- **EXERCISE INPUT**
═══

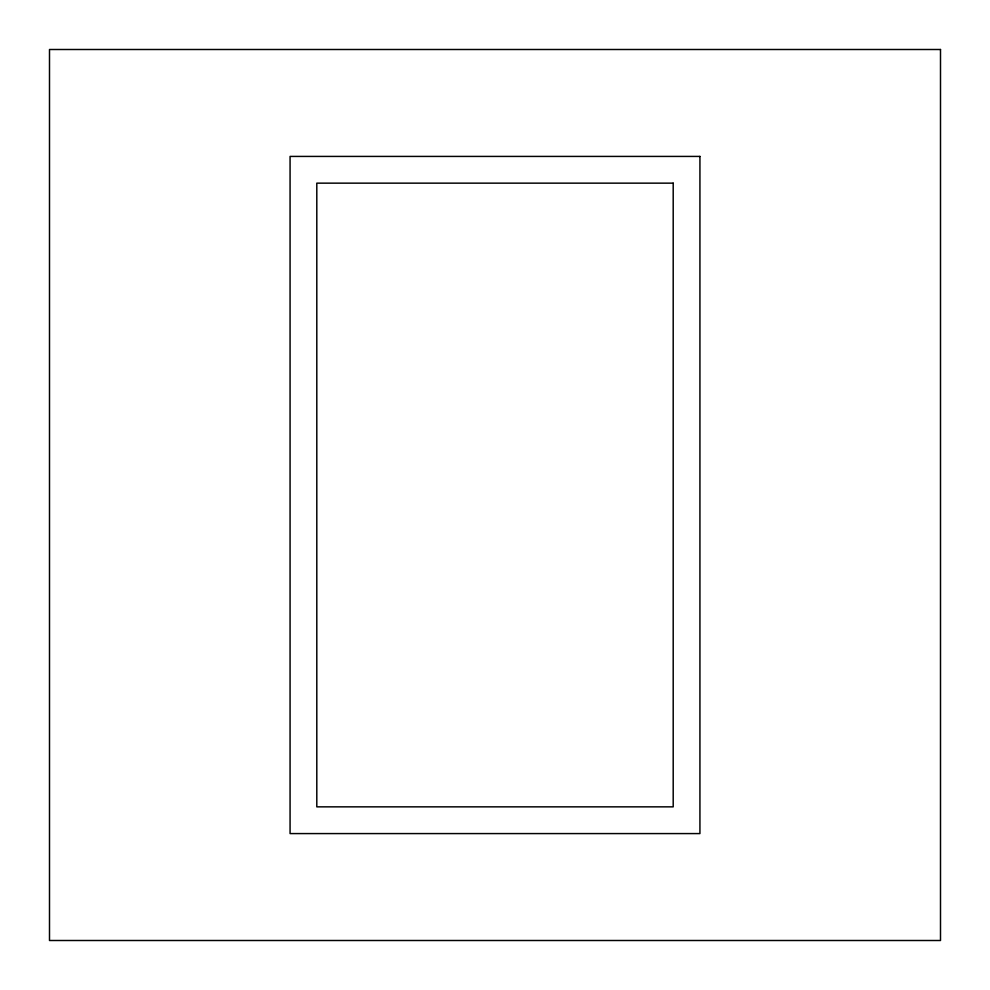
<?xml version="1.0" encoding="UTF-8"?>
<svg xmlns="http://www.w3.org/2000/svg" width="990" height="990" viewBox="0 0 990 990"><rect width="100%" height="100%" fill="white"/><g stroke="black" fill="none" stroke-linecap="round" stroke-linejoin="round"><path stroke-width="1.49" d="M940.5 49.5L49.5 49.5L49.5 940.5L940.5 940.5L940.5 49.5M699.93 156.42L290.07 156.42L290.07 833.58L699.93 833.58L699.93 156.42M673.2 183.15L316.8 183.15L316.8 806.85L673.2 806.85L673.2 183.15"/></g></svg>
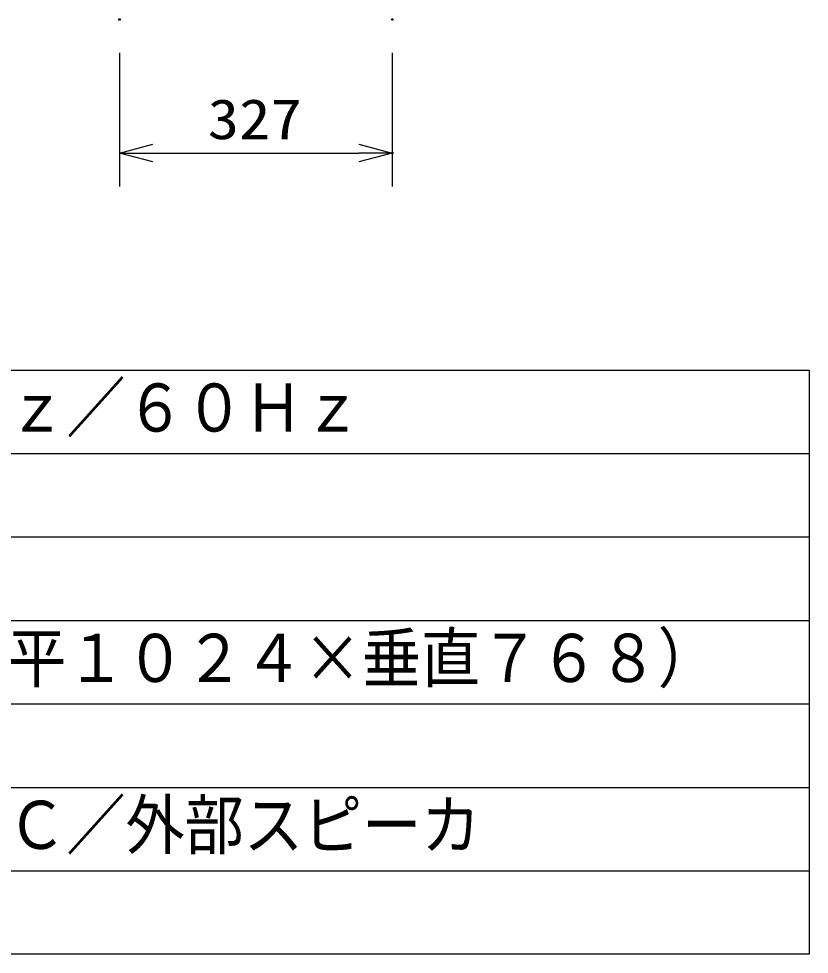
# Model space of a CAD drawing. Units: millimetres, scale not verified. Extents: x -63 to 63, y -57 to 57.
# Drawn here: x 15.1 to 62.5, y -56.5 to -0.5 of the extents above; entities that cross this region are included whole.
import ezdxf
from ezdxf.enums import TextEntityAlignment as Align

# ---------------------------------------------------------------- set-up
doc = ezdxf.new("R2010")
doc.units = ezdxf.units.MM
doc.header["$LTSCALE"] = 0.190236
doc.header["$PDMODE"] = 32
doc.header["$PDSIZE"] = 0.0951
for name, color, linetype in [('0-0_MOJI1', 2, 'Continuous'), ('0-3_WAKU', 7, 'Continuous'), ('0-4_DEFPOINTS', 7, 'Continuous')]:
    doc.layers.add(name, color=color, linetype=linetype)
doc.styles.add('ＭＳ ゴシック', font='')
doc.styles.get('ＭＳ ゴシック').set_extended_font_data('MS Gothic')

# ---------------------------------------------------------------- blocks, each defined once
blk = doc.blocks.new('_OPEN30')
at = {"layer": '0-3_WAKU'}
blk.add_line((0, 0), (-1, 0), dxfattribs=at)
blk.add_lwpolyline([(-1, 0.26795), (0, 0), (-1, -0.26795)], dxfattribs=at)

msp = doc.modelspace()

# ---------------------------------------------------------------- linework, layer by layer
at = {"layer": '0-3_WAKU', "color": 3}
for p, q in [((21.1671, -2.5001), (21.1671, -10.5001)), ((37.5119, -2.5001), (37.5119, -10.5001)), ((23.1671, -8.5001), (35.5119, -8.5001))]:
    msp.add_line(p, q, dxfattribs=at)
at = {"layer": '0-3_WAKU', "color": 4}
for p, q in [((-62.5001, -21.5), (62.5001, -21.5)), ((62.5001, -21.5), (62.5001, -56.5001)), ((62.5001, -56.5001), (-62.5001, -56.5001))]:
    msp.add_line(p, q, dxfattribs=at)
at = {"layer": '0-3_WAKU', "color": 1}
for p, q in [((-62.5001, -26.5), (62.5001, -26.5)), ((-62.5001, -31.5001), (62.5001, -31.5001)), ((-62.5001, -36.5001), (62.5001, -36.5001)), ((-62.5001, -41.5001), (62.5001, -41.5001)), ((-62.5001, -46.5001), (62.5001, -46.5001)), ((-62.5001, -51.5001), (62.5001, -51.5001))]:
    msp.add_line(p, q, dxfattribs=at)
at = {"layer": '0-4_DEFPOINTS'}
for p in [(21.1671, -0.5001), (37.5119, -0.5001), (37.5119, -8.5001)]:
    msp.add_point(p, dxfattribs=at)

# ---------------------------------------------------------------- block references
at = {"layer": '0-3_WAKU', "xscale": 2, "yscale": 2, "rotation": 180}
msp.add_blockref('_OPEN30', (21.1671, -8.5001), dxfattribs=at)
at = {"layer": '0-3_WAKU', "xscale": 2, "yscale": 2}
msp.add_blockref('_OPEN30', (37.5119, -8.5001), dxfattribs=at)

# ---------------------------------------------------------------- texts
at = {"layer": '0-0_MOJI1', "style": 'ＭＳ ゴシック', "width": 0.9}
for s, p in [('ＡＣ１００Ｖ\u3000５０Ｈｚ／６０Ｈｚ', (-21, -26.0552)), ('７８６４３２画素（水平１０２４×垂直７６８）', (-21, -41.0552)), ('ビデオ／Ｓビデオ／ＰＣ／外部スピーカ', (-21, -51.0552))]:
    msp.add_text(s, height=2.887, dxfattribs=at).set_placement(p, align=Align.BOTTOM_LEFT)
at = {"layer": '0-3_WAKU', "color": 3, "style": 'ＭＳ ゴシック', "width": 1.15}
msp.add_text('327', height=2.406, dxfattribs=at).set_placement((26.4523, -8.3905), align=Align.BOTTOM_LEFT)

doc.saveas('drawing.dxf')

═══

- **WHAT IS REQUIRED**
Omit the pictures. Transcribe every record exactly.

- **RESPONSE FOR THIS EXERCISE**
<?xml version="1.0" encoding="UTF-8"?>
<svg xmlns="http://www.w3.org/2000/svg" width="990" height="990" viewBox="0 0 990 990"><rect width="100%" height="100%" fill="white"/><g stroke="black" fill="none" stroke-linecap="round" stroke-linejoin="round"><path stroke-width="1.49" d="M940.5 49.5L49.5 49.5L49.5 940.5L940.5 940.5L940.5 49.5M699.93 156.42L290.07 156.42L290.07 833.58L699.93 833.58L699.93 156.42M673.2 183.15L316.8 183.15L316.8 806.85L673.2 806.85L673.2 183.15"/></g></svg>
# Model space of a CAD drawing. Units: millimetres, scale not verified. Extents: x -63 to 63, y -57 to 57.
# Drawn here: x 15.1 to 62.5, y -56.5 to -0.5 of the extents above; entities that cross this region are included whole.
import ezdxf
from ezdxf.enums import TextEntityAlignment as Align

# ---------------------------------------------------------------- set-up
doc = ezdxf.new("R2010")
doc.units = ezdxf.units.MM
doc.header["$LTSCALE"] = 0.190236
doc.header["$PDMODE"] = 32
doc.header["$PDSIZE"] = 0.0951
for name, color, linetype in [('0-0_MOJI1', 2, 'Continuous'), ('0-3_WAKU', 7, 'Continuous'), ('0-4_DEFPOINTS', 7, 'Continuous')]:
    doc.layers.add(name, color=color, linetype=linetype)
doc.styles.add('ＭＳ ゴシック', font='')
doc.styles.get('ＭＳ ゴシック').set_extended_font_data('MS Gothic')

# ---------------------------------------------------------------- blocks, each defined once
blk = doc.blocks.new('_OPEN30')
at = {"layer": '0-3_WAKU'}
blk.add_line((0, 0), (-1, 0), dxfattribs=at)
blk.add_lwpolyline([(-1, 0.26795), (0, 0), (-1, -0.26795)], dxfattribs=at)

msp = doc.modelspace()

# ---------------------------------------------------------------- linework, layer by layer
at = {"layer": '0-3_WAKU', "color": 3}
for p, q in [((21.1671, -2.5001), (21.1671, -10.5001)), ((37.5119, -2.5001), (37.5119, -10.5001)), ((23.1671, -8.5001), (35.5119, -8.5001))]:
    msp.add_line(p, q, dxfattribs=at)
at = {"layer": '0-3_WAKU', "color": 4}
for p, q in [((-62.5001, -21.5), (62.5001, -21.5)), ((62.5001, -21.5), (62.5001, -56.5001)), ((62.5001, -56.5001), (-62.5001, -56.5001))]:
    msp.add_line(p, q, dxfattribs=at)
at = {"layer": '0-3_WAKU', "color": 1}
for p, q in [((-62.5001, -26.5), (62.5001, -26.5)), ((-62.5001, -31.5001), (62.5001, -31.5001)), ((-62.5001, -36.5001), (62.5001, -36.5001)), ((-62.5001, -41.5001), (62.5001, -41.5001)), ((-62.5001, -46.5001), (62.5001, -46.5001)), ((-62.5001, -51.5001), (62.5001, -51.5001))]:
    msp.add_line(p, q, dxfattribs=at)
at = {"layer": '0-4_DEFPOINTS'}
for p in [(21.1671, -0.5001), (37.5119, -0.5001), (37.5119, -8.5001)]:
    msp.add_point(p, dxfattribs=at)

# ---------------------------------------------------------------- block references
at = {"layer": '0-3_WAKU', "xscale": 2, "yscale": 2, "rotation": 180}
msp.add_blockref('_OPEN30', (21.1671, -8.5001), dxfattribs=at)
at = {"layer": '0-3_WAKU', "xscale": 2, "yscale": 2}
msp.add_blockref('_OPEN30', (37.5119, -8.5001), dxfattribs=at)

# ---------------------------------------------------------------- texts
at = {"layer": '0-0_MOJI1', "style": 'ＭＳ ゴシック', "width": 0.9}
for s, p in [('ＡＣ１００Ｖ\u3000５０Ｈｚ／６０Ｈｚ', (-21, -26.0552)), ('７８６４３２画素（水平１０２４×垂直７６８）', (-21, -41.0552)), ('ビデオ／Ｓビデオ／ＰＣ／外部スピーカ', (-21, -51.0552))]:
    msp.add_text(s, height=2.887, dxfattribs=at).set_placement(p, align=Align.BOTTOM_LEFT)
at = {"layer": '0-3_WAKU', "color": 3, "style": 'ＭＳ ゴシック', "width": 1.15}
msp.add_text('327', height=2.406, dxfattribs=at).set_placement((26.4523, -8.3905), align=Align.BOTTOM_LEFT)

doc.saveas('drawing.dxf')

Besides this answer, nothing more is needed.